"Erreur de casting", "loi injuste", "décision ridicule": le bannissement du navire russe Shtandart des ports européens, pour cause de sanctions contre la Russie, suscite l'incompréhension de son équipage et de nombreux marins venus le soutenir à l'occasion des Fêtes maritimes de Brest.
"C'est une erreur de casting: on s'en prend au Shtandart quand des méthaniers continuent à livrer du gaz russe!", s'énerve Hugues (qui n'a pas voulu donner son nom), 40 ans, matelot occasionnel sur ce trois-mâts de 34 mètres, réplique exacte d'une frégate du tsar Pierre Le Grand.
Propriété privée, le navire sillonne les festivals maritimes européens et embarque croisiéristes et stagiaires depuis 1999. En 25 ans, le navire a ainsi embarqué 10.000 personnes et participé à 200 festivals maritimes en Europe.
Le 7 juillet, il s'est pourtant vu barrer l'accès à l'un des plus grands rassemblements du monde, les Fêtes maritimes de Brest, par un arrêté du préfet du Finistère. En cause: l'extension, le 24 juin, aux "navires répliques historiques" des sanctions européennes contre la Russie.
"Combattre le régime pas la culture"
"Cette loi n'est pas juste. Et nous voulons la changer aussi vite que possible", a déclaré le capitaine de la frégate Vladimir Martus, lors d'une réunion publique mardi, dans un bar du port de Brest.
"Ce bateau représente une partie de la culture russe, c'est vrai, nous n'allons pas argumenter là-dessus. Mais je pense que nous devrions combattre le régime, pas la culture" russe, a ajouté le capitaine, sous les applaudissements des quelques dizaines de marins venus l'écouter.
Des conditions de vie à bord difficiles
Interdit d'accoster depuis dix jours, le navire mouille actuellement dans le sud du Finistère, au large de Bénodet, et fait face à des difficultés de ravitaillement. "L'équipage ne peut pas prendre de douche, ne peut pas se laver les mains", a décrit M. Martus.
Vareuse blanche, marinière, barbe et longs cheveux blancs, le capitaine a répété en anglais qu'il comprenait "le sentiment des Ukrainiens vis-à-vis de la Russie". "J'ai honte de ce que fait mon gouvernement", a ajouté M. Martus, assurant qu'il n'y avait "aucun lien entre le Shtandart et le régime" de Vladimir Poutine.
Le capitaine, qui a un père ukrainien, a souligné que le navire ne s'était pas rendu en Russie depuis 2009 et qu'il n'y payait pas d'impôt.

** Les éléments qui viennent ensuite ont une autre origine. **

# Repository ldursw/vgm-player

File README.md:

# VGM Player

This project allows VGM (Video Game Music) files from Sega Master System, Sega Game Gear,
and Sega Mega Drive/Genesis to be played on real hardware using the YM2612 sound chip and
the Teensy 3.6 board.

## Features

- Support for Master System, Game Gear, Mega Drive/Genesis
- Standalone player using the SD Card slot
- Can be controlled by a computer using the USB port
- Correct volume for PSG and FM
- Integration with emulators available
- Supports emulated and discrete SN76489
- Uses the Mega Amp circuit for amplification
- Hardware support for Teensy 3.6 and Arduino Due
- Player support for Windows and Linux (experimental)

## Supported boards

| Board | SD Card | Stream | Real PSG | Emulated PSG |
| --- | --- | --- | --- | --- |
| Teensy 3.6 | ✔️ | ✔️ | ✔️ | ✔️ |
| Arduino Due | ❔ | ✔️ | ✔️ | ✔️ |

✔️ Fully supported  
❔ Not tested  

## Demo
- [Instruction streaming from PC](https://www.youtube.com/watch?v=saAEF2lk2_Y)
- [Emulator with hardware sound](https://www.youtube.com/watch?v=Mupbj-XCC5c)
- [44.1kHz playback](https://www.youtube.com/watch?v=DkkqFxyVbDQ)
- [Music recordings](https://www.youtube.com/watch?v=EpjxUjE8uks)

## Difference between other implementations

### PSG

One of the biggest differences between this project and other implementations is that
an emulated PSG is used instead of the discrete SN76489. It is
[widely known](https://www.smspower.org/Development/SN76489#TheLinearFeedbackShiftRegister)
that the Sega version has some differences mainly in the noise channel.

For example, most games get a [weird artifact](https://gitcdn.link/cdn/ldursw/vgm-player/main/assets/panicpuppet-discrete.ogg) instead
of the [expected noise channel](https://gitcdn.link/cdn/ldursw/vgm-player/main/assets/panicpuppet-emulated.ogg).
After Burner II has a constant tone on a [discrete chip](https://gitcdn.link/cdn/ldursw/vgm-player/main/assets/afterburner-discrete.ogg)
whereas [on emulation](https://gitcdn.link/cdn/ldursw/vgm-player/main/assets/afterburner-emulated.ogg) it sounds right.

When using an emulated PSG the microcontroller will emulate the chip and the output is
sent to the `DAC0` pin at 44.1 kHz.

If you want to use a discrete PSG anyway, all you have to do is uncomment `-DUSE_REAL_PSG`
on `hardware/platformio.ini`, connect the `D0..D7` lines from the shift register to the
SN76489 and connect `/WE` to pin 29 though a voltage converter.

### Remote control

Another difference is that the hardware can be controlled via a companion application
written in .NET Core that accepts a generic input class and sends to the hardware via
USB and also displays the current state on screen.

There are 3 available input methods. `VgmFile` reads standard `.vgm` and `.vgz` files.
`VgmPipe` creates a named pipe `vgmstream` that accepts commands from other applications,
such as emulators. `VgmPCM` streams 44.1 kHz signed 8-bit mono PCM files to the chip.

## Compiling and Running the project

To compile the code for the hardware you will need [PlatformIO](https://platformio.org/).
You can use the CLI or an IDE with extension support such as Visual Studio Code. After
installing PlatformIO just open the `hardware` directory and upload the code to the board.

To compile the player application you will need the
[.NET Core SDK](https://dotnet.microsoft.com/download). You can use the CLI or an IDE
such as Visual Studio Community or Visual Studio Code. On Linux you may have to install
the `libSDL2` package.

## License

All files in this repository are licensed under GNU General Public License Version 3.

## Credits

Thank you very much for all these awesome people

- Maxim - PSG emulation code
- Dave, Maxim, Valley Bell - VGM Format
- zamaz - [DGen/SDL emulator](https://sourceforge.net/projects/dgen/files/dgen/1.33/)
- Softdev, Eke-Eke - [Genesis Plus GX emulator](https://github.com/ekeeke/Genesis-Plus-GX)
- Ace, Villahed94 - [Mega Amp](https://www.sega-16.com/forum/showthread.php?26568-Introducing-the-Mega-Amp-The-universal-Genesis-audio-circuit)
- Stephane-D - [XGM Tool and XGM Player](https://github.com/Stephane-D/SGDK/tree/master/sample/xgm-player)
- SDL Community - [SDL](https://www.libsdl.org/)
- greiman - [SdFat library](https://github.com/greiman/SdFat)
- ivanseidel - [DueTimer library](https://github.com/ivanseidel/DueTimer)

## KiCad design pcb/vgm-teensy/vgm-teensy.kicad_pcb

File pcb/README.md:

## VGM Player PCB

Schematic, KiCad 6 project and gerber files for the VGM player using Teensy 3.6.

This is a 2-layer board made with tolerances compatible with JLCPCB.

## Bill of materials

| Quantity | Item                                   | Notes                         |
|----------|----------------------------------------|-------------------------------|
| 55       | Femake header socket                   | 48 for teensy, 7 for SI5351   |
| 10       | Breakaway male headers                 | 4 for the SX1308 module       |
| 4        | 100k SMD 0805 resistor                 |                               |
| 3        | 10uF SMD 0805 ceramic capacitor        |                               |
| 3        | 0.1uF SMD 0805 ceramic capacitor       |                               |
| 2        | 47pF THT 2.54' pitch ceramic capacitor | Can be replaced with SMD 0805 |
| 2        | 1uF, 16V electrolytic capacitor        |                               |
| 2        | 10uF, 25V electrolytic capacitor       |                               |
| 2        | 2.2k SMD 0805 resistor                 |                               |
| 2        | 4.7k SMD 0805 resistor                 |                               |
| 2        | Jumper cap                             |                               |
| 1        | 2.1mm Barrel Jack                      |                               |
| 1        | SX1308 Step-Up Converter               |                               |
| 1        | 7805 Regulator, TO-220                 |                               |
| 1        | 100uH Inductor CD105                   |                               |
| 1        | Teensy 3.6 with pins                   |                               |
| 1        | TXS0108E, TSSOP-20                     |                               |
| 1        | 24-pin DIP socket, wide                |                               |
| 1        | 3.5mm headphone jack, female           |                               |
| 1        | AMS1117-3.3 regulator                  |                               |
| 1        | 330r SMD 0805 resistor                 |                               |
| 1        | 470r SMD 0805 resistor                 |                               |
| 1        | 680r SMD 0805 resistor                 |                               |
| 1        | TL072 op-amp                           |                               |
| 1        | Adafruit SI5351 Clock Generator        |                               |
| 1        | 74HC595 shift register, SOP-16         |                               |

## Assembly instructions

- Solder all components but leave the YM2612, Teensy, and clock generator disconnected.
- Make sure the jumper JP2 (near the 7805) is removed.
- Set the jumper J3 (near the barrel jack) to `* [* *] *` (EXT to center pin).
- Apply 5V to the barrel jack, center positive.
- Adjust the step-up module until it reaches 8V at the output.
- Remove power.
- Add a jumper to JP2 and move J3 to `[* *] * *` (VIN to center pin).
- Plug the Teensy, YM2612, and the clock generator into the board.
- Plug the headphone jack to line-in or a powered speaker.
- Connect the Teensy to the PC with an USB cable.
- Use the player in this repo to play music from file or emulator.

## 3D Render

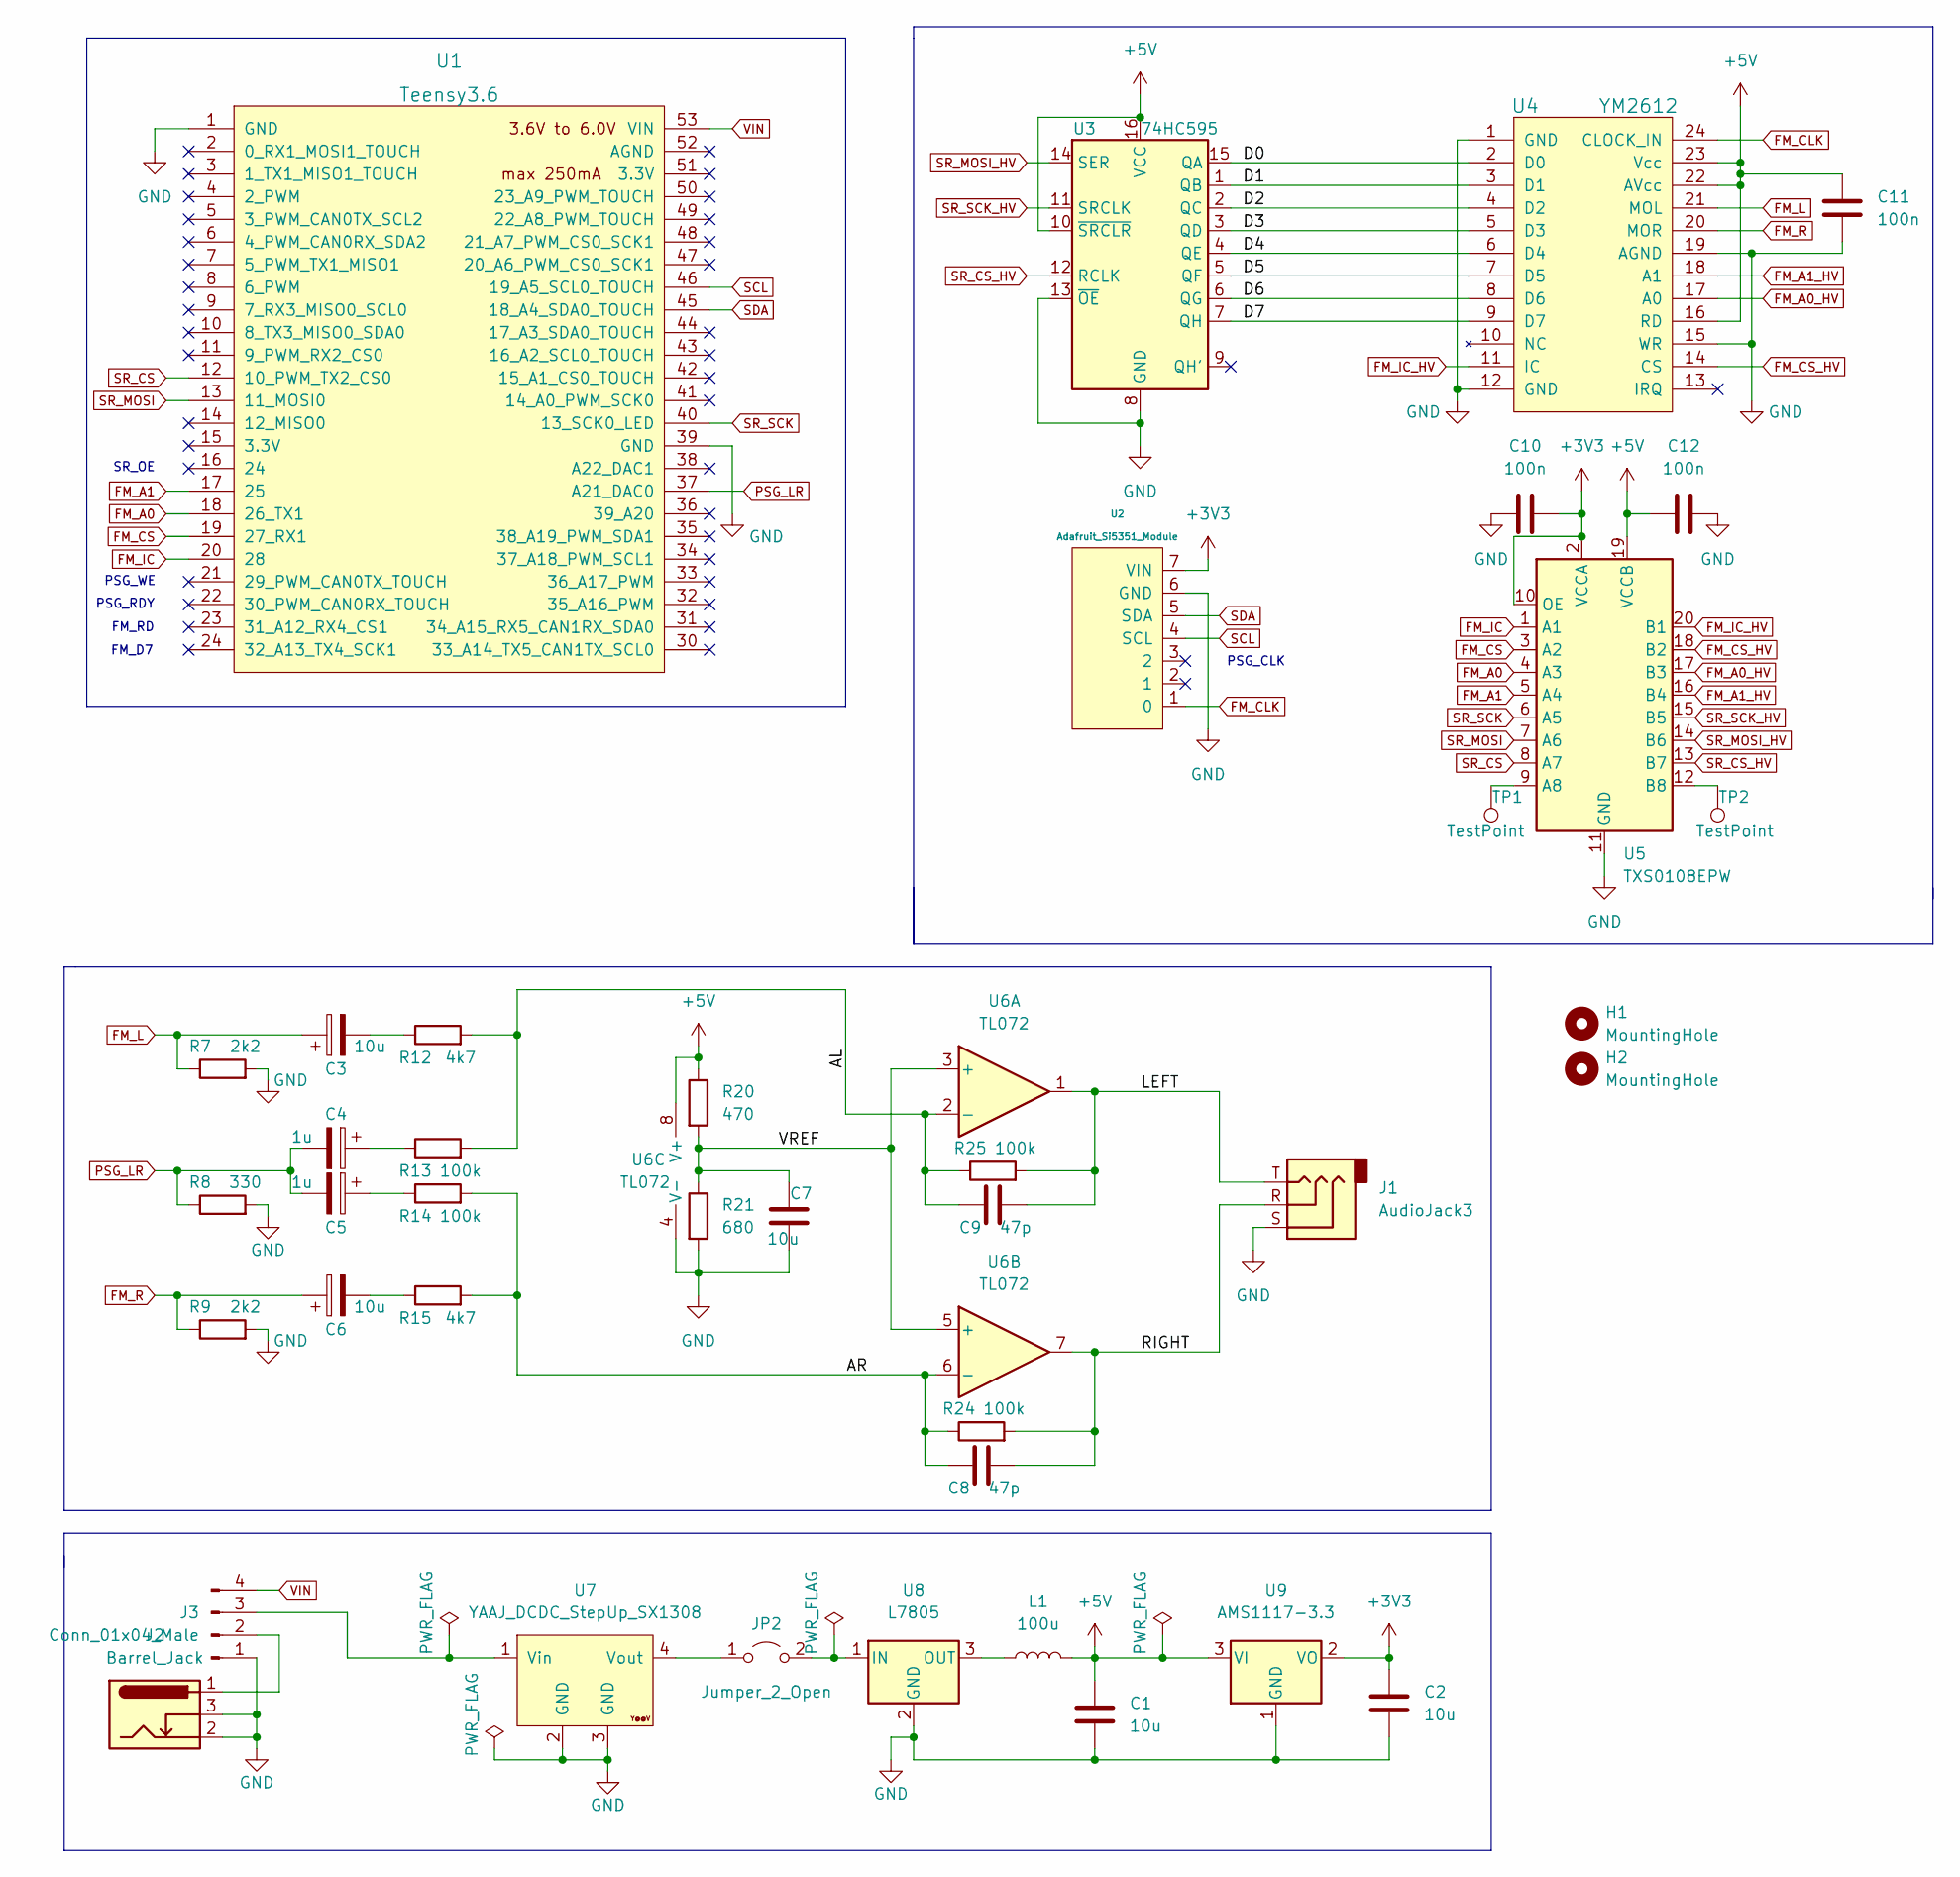
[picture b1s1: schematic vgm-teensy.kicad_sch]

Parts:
C1, C2, C7: 10u; C_0805_2012Metric_Pad1.18x1.45mm_HandSolder
C3, C6: 10u; CP_Radial_D5.0mm_P2.50mm
C4, C5: 1u; CP_Radial_D5.0mm_P2.50mm
C8, C9: 47p; C_Disc_D3.0mm_W1.6mm_P2.50mm
C10, C11, C12: 100n; C_0805_2012Metric_Pad1.18x1.45mm_HandSolder
H1, H2: MountingHole; MountingHole_3.2mm_M3
J1: AudioJack3; Jack_3.5mm_Lumberg_1503_07_Horizontal
J2: Barrel_Jack; BarrelJack_Horizontal
J3: Conn_01x04_Male; PinHeader_1x04_P2.54mm_Vertical
JP2: Jumper_2_Open; PinHeader_1x02_P2.54mm_Vertical
L1: 100u; Choke_CD105
R7, R9: 2k2; R_0805_2012Metric_Pad1.20x1.40mm_HandSolder
R8: 330; R_0805_2012Metric_Pad1.20x1.40mm_HandSolder
R12, R15: 4k7; R_0805_2012Metric_Pad1.20x1.40mm_HandSolder
R13, R14, R24, R25: 100k; R_0805_2012Metric_Pad1.20x1.40mm_HandSolder
R20: 470; R_0805_2012Metric_Pad1.20x1.40mm_HandSolder
R21: 680; R_0805_2012Metric_Pad1.20x1.40mm_HandSolder
TP1, TP2: TestPoint; TestPoint_Pad_D1.0mm
U1: Teensy3.6; Teensy35_36
U2: Adafruit_Si5351_Module
U3: 74HC595; SOP-16_3.9x9.9mm_P1.27mm
U4: YM2612; DIP-24_W15.24mm_Socket
U5: TXS0108EPW; TSSOP-20_4.4x6.5mm_P0.65mm
U6: TL072; SOIC-8_3.9x4.9mm_P1.27mm
U7: YAAJ_DCDC_StepUp_SX1308
U8: L7805; TO-220-3_Vertical
U9: AMS1117-3.3; SOT-223-3_TabPin2

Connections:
+3V3: C2.1, C10.2, U2.7 (VIN), U5.2 (VCCA), U5.10 (OE), U9.2 (VO)
+5V: C1.1, C11.1, C12.1, L1.2, R20.1, U3.10 (~SRCLR), U3.16 (VCC), U4.16 (RD), U4.22 (AVcc), U4.23 (Vcc), U5.19 (VCCB), U6.8 (V+), U9.3 (VI)
/AL: C9.1, R12.2, R13.2, R25.1, U6.2 (-)
/AR: C8.1, R14.2, R15.2, R24.1, U6.6 (-)
/D0: U3.15 (QA), U4.2 (D0)
/D1: U3.1 (QB), U4.3 (D1)
/D2: U3.2 (QC), U4.4 (D2)
/D3: U3.3 (QD), U4.5 (D3)
/D4: U3.4 (QE), U4.6 (D4)
/D5: U3.5 (QF), U4.7 (D5)
/D6: U3.6 (QG), U4.8 (D6)
/D7: U3.7 (QH), U4.9 (D7)
/LEFT: C9.2, J1.T, R25.2, U6.1
/RIGHT: C8.2, J1.R, R24.2, U6.7
/VREF: C7.1, R20.2, R21.1, U6.3 (+), U6.5 (+)
FM_A0: U1.18 (26_TX1), U5.4 (A3)
FM_A0_HV: U4.17 (A0), U5.17 (B3)
FM_A1: U1.17 (25), U5.5 (A4)
FM_A1_HV: U4.18 (A1), U5.16 (B4)
FM_CLK: U2.1 (0), U4.24 (CLOCK_IN)
FM_CS: U1.19 (27_RX1), U5.3 (A2)
FM_CS_HV: U4.14 (CS), U5.18 (B2)
FM_IC: U1.20 (28), U5.1 (A1)
FM_IC_HV: U4.11 (IC), U5.20 (B1)
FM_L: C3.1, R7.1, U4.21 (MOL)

A la demande des autorités françaises, il a d'ailleurs troqué son pavillon russe pour celui des îles Cook, début juin.
"On ne peut pas dire que chaque Russe est comme Poutine", a critiqué Arjen Van Der Veen, 49 ans, capitaine néerlandais du trois-mâts Gulden Leeuw, en vantant le "courage" de Vladimir Martus, un "grand capitaine, un très bon navigateur et un bon ami".
"Le Shtandart a été un des navires les plus importants des festivals maritimes ces 30 dernières années", a-t-il pointé.
"Je vois dans chaque russe un agresseur"
Les justifications de M. Martus se sont toutefois heurtées à un mur d'incompréhension des quelques opposants venus assister à la réunion, munis d'affiches "Poutine terroristes" et "La Crimée c'est l'Ukraine".
"Chaque fois que le Shtandart passe, nous souffrons", a ainsi lancé Svitlana Jestin, présidente de l'association "Iroise-Ukraine", en montrant des photos de victimes des bombardements russes. "Mettez-vous à l'écart et allez travailler en Afrique", a-t-elle suggéré.
"Et l'hospitalité des Bretons!", lui a lancé un homme attablé.
"Pour moi, ce bateau, c'est l'image du pays qui nous fait la guerre. Je vois dans chaque Russe un agresseur", a confié à l'AFP Olena, une Ukrainienne quinquagénaire qui n'a pas voulu décliner son nom.
"Pourquoi les Français sont si gentils avec les Russes?", a-t-elle demandé, en pointant le doigt vers les chantiers de réparation navale de Brest qui ont accueilli des méthaniers ayant transporté du gaz russe.
Car l'Europe a importé 14,4 milions de tonnes de gaz liquéfié (GNL) russe en 2023, selon un rapport du groupe international des importateurs de gaz liquéfié (GIIGNL).
Quant au Shtandart, il doit quitter la Bretagne pour rejoindre Vigo (Espagne) fin juillet. "J'espère que les autorités espagnoles seront plus rationnelles", a lâché M. Martus, se disant "optimiste".